FIG. 1 is a schematic plan view of a conventional 1-transistor/l-cell memory device, FIG. 2 is an equivalent circuit diagram of the device shown in FIG. The plan view of the structure to be explained, Figure 4 is the ■-VLS sectional view of Figure 3, and Figure 5 is
The figure is a diagram for explaining a memory matrix arrangement, and the sixth figure is a tth equivalent circuit diagram explaining the present invention in detail. Referring to the figure, 11112...n+ region 13...channel portion. +4 Reference 17... Polycrystalline 8i, 15... Opening part, 1
6... Column line, 18... Capacitive element, 41... p
-st, 42...8i0! , 43... 11th pole, 4
4.--Inversion 1.45...Capacitor, 46...n
+ region 47... Kate insulating film, 48... Second electrode, 49... MO8) transistor, 50... Insulating film,
51... Protection, protective membrane, 52... Opening part, 53...

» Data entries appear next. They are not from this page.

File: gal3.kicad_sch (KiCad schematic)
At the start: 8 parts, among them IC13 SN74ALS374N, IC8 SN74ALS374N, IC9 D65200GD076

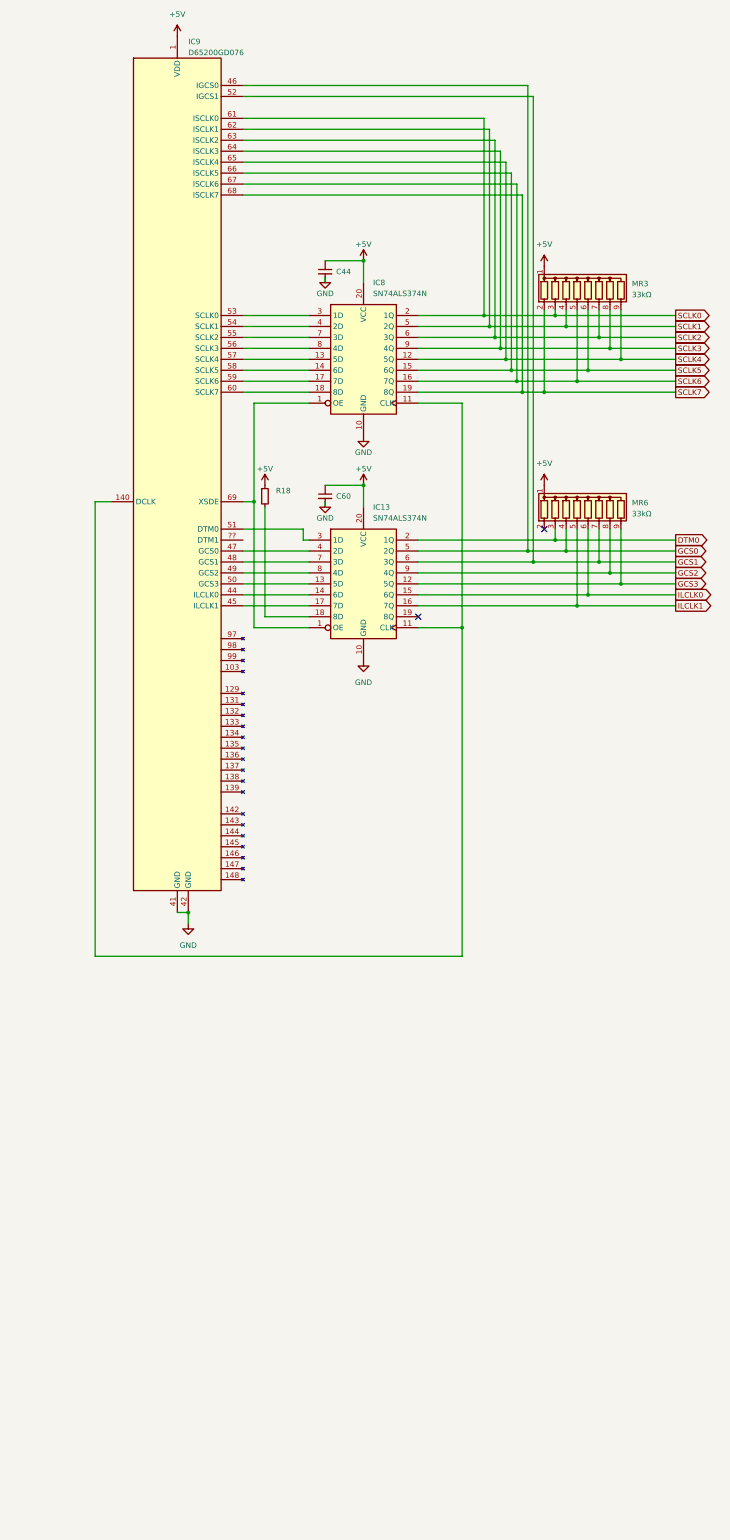
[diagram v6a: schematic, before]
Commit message: schematic: add lines between IC9 and GVRAM
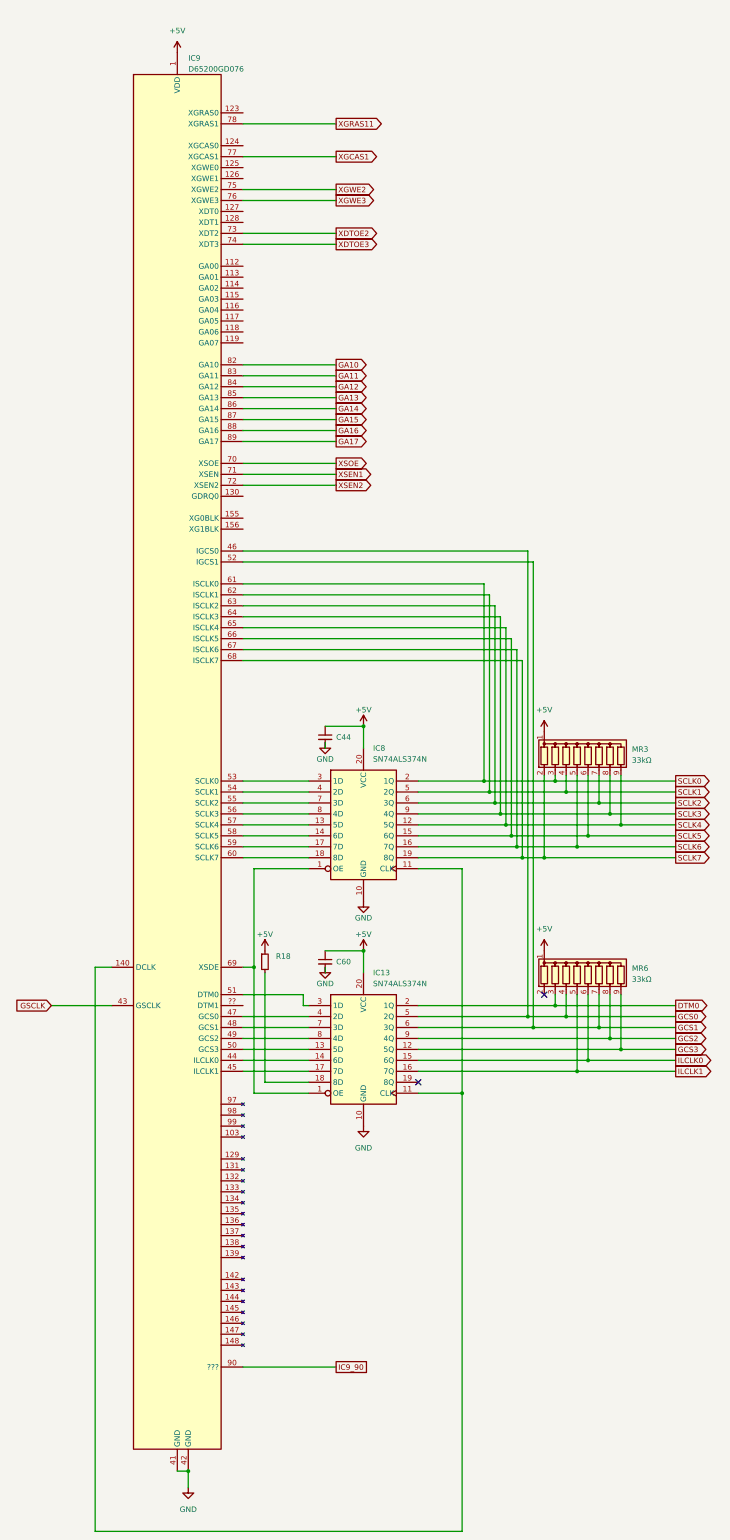
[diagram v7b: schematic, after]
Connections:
- new net GA10: IC9.82 (GA10)
- new net GA11: IC9.83 (GA11)
- new net GA12: IC9.84 (GA12)
- new net GA13: IC9.85 (GA13)
- new net GA14: IC9.86 (GA14)
- new net GA15: IC9.87 (GA15)
- new net GA16: IC9.88 (GA16)
- new net GA17: IC9.89 (GA17)
- new net GSCLK: IC9.43 (GSCLK)
- new net IC9_90: IC9.90 (???)
- new net XDTOE2: IC9.73 (XDT2)
- new net XDTOE3: IC9.74 (XDT3)
- new net XGCAS1: IC9.77 (XGCAS1)
- new net XGRAS11: IC9.78 (XGRAS1)
- new net XGWE2: IC9.75 (XGWE2)
- new net XGWE3: IC9.76 (XGWE3)
- new net XSEN1: IC9.71 (XSEN)
- new net XSEN2: IC9.72 (XSEN2)
- new net XSOE: IC9.70 (XSOE)
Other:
- moved on the sheet: C44, C60, IC13, IC8, MR3, MR6, R18

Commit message: schematic: add IC22, IC6
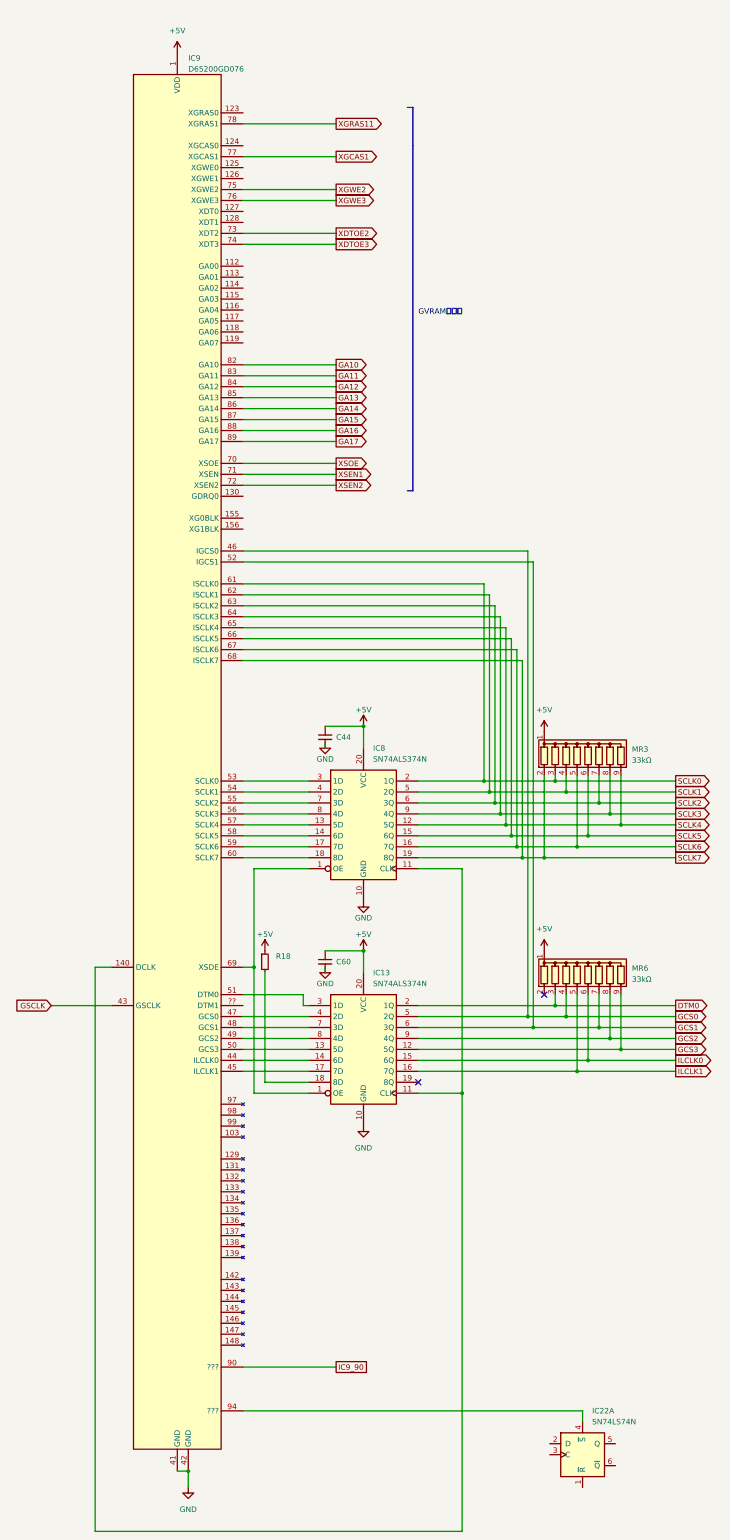
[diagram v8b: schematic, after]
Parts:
- added IC22: SN74LS74N, Package_DIP:DIP-14_W7.62mm, symbol 74xx:74LS74
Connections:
- new net: IC22.4 (~{S}), IC9.94 (???)
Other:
- note added: "GVRAMへ接続"
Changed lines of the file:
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@@
+    (stroke (width 0) (type default))
+  )
+  (polyline (pts (xy 106.68 139.7) (xy 106.68 59.69))
     (stroke (width 0) (type default))
   )
@@
     (stroke (width 0) (type default))
   )
+  (polyline (pts (xy 106.68 59.69) (xy 106.68 50.8))
+    (stroke (width 0) (type default))
+  )
   (wire (pts (xy 118.11 381) (xy 33.02 381))
     (stroke (width 0) (type default))
@@
     (stroke (width 0) (type default))
   )
+  (wire (pts (xy 67.31 353.06) (xy 146.05 353.06))
+    (stroke (width 0) (type default))
+  )
   (wire (pts (xy 125.73 212.09) (xy 149.86 212.09))
     (stroke (width 0) (type default))
@@
     (stroke (width 0) (type default))
   )
+  (polyline (pts (xy 105.41 139.7) (xy 106.68 139.7))
+    (stroke (width 0) (type default))
+  )
   (wire (pts (xy 67.31 123.19) (xy 88.9 123.19))
     (stroke (width 0) (type default))
@@
     (stroke (width 0) (type default))
   )
+  (polyline (pts (xy 105.41 50.8) (xy 106.68 50.8))
+    (stroke (width 0) (type default))
+  )
   (wire (pts (xy 81.28 259.08) (xy 81.28 256.54))
     (stroke (width 0) (type default))
@@
     (stroke (width 0) (type default))
   )
+  (wire (pts (xy 146.05 353.06) (xy 146.05 355.6))
+    (stroke (width 0) (type default))
+  )
   (wire (pts (xy 67.31 224.79) (xy 82.55 224.79))
     (stroke (width 0) (type default))
@@
   (wire (pts (xy 124.46 163.83) (xy 124.46 209.55))
     (stroke (width 0) (type default))
+  )
+  (text "GVRAMへ接続" (at 107.95 99.06 0)
+    (effects (font (size 1.27 1.27)) (justify left bottom))
   )
   (global_label "GA17" (shape output) (at 88.9 128.27 0) (fields_autoplaced)
@@
     (pin "123")
     (pin "90")
+    (pin "94")
     (instances
       (project "88va2-circuit"
@@
         )
       )
+    )
+  )
+  (symbol (lib_id "74xx:74LS74") (at 146.05 363.22 0) (unit 1)
+    (in_bom yes) (on_board yes) (dnp no) (fields_autoplaced)
+    (property "Reference" "IC22" (at 148.2441 353.06 0)
+      (effects (font (size 1.27 1.27)) (justify left))
+    )
+    (property "Value" "SN74LS74N" (at 148.2441 355.6 0)
+      (effects (font (size 1.27 1.27)) (justify left))
+    )
+    (property "Footprint" "Package_DIP:DIP-14_W7.62mm" (at 146.05 363.22 0)
+      (effects (font (size 1.27 1.27)) hide)
+    )
+    (property "Datasheet" "74xx/74hc_hct74.pdf" (at 146.05 363.22 0)
+      (effects (font (size 1.27 1.27)) hide)
+    )
+    (pin "3")
+    (pin "10")
+    (pin "4")
+    (pin "1")
+    (pin "11")
+    (pin "13")
+    (pin "14")
+    (pin "6")
+    (pin "12")
+    (pin "8")
+    (pin "9")
+    (pin "7")
+    (pin "5")
+    (pin "2")
+    (instances
+      (project "88va2-circuit"
+        (path "/8cd193ae-a369-4130-9ba4-f2075fa60e2b/69b5e096-b79d-4084-a9d7-aa17e9aa2515"
+          (reference "IC22") (unit 1)
+        )
+      )
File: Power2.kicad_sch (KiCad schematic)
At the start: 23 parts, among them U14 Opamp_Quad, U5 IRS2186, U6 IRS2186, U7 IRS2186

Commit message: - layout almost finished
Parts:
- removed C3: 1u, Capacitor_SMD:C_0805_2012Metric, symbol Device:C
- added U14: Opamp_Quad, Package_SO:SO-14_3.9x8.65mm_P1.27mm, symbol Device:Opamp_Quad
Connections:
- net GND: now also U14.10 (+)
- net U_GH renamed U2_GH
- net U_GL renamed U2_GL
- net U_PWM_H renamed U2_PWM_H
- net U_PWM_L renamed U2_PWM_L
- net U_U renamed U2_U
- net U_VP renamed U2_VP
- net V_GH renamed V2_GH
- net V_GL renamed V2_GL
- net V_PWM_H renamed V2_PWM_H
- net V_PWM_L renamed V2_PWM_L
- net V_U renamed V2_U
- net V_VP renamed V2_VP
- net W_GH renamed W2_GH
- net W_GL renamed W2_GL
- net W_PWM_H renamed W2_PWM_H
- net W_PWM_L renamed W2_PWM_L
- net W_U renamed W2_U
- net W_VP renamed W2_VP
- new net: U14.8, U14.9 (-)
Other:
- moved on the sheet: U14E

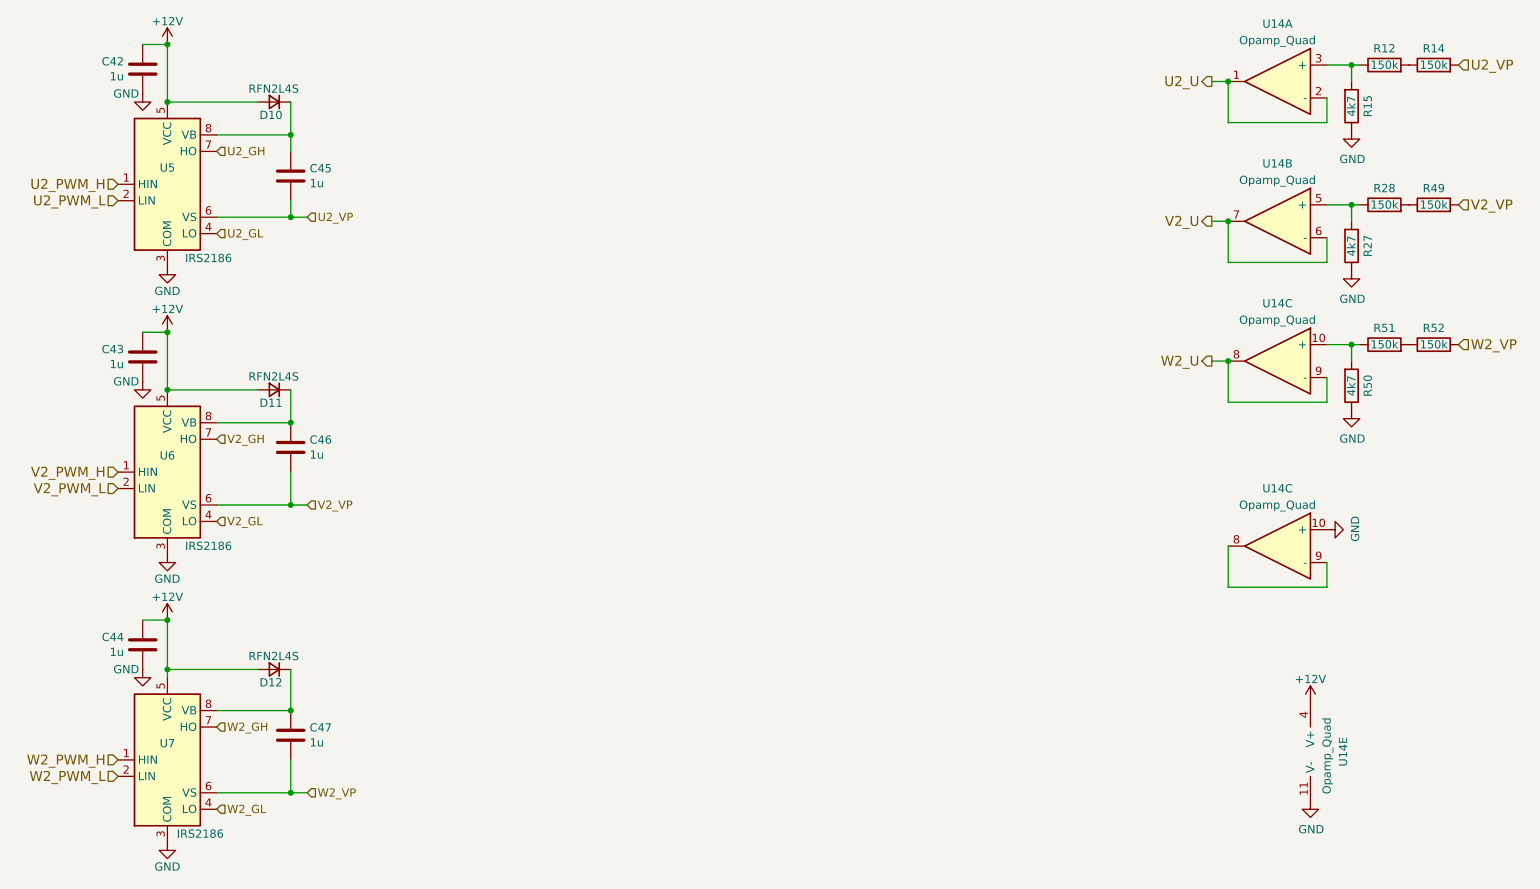
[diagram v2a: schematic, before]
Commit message: - fixed missing 3V3 trace on USB isolator
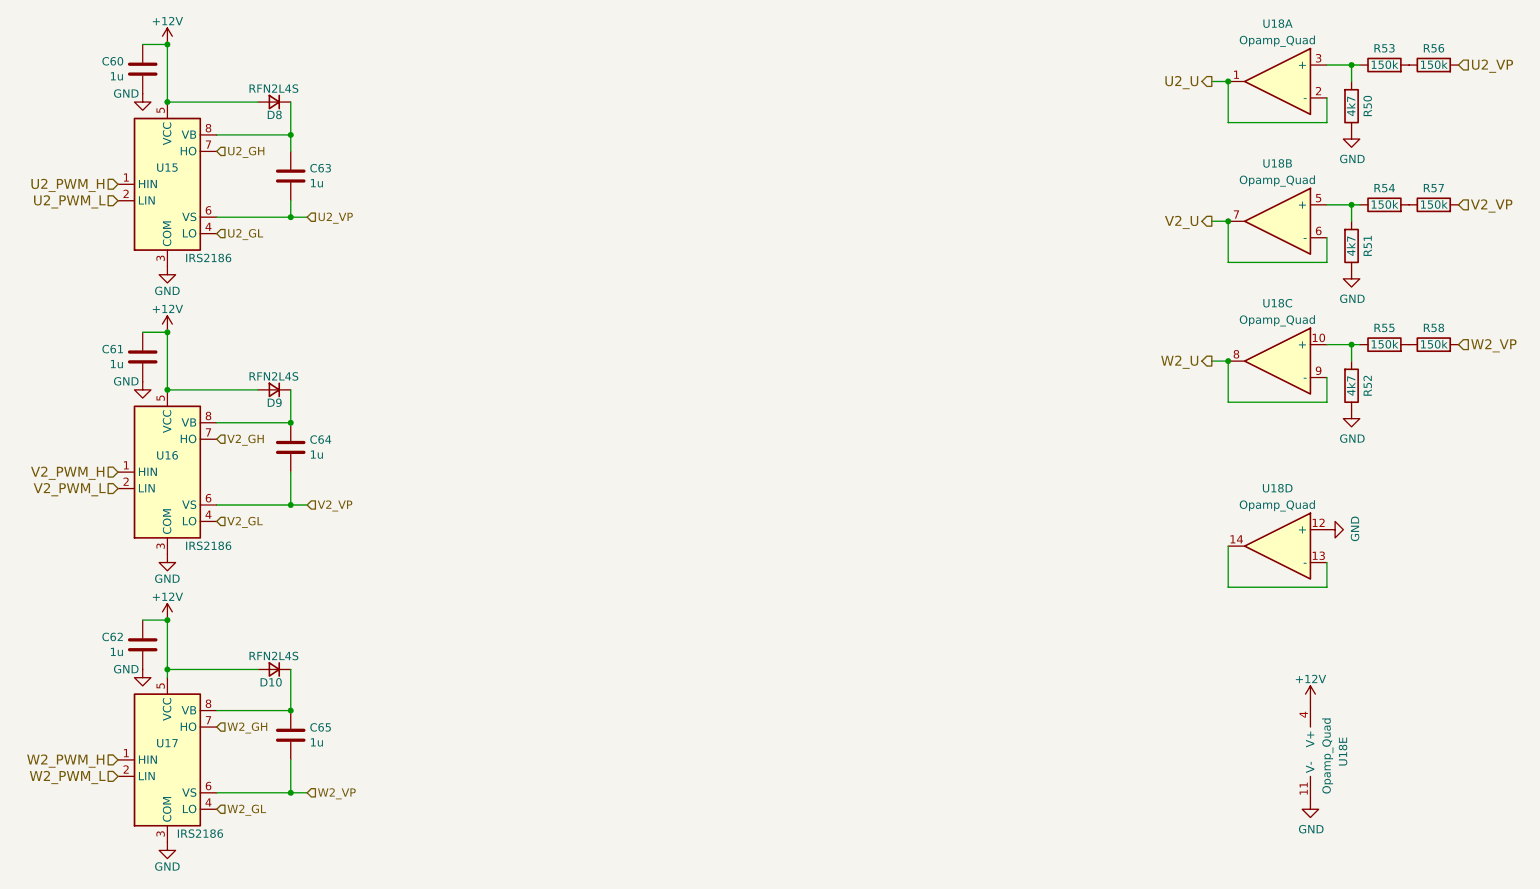
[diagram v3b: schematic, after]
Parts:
- renumbered C42 to C60, C43 to C61, C44 to C62, C45 to C63, C46 to C64, C47 to C65, D12 to D10, D10 to D8, D11 to D9, R15 to R50, R27 to R51, R50 to R52, R12 to R53, R28 to R54, R51 to R55, R14 to R56, R49 to R57, R52 to R58, U5 to U15, U6 to U16, U7 to U17, U14 to U18
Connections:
- net GND: now also U18.12 (+); no longer U18.10 (+)
- new net: U18.13 (-), U18.14

・Wiring, 1011102...Memory cell. 103...Sense amplifier. Agent Patent Attorney Nori Chika Yudo Kikuo Takehana

Claims (1)

[Claims] 1 conductivity type semiconductor substrate, and a first conductivity type semiconductor substrate on the surface of this semiconductor substrate.
a first conductor layer forming a capacitor electrode opposite to the first region and formed on the region via a first insulating film; and a first conductor layer formed on the semiconductor substrate at a distance from the first region and the semiconductor a second region having a conductivity type opposite to that of the substrate and forming a digit line; a first portion existing on the surface of the semiconductor substrate between the first and second regions via a second insulating film; a second conductive layer constituting a gate electrode having a second portion extending and provided on the first conductive layer via a third insulating film; a fourth insulating film that covers the semiconductor substrate and has an opening on the second portion of the second conductor layer;
External wiring exists on the fourth insulating film and is in contact with the second portion of the second conductive layer through the opening and serves as a column line, and the thickness of the third insulating film is A semiconductor memory device characterized in that the thickness is greater than the thickness of the capacitor electrode.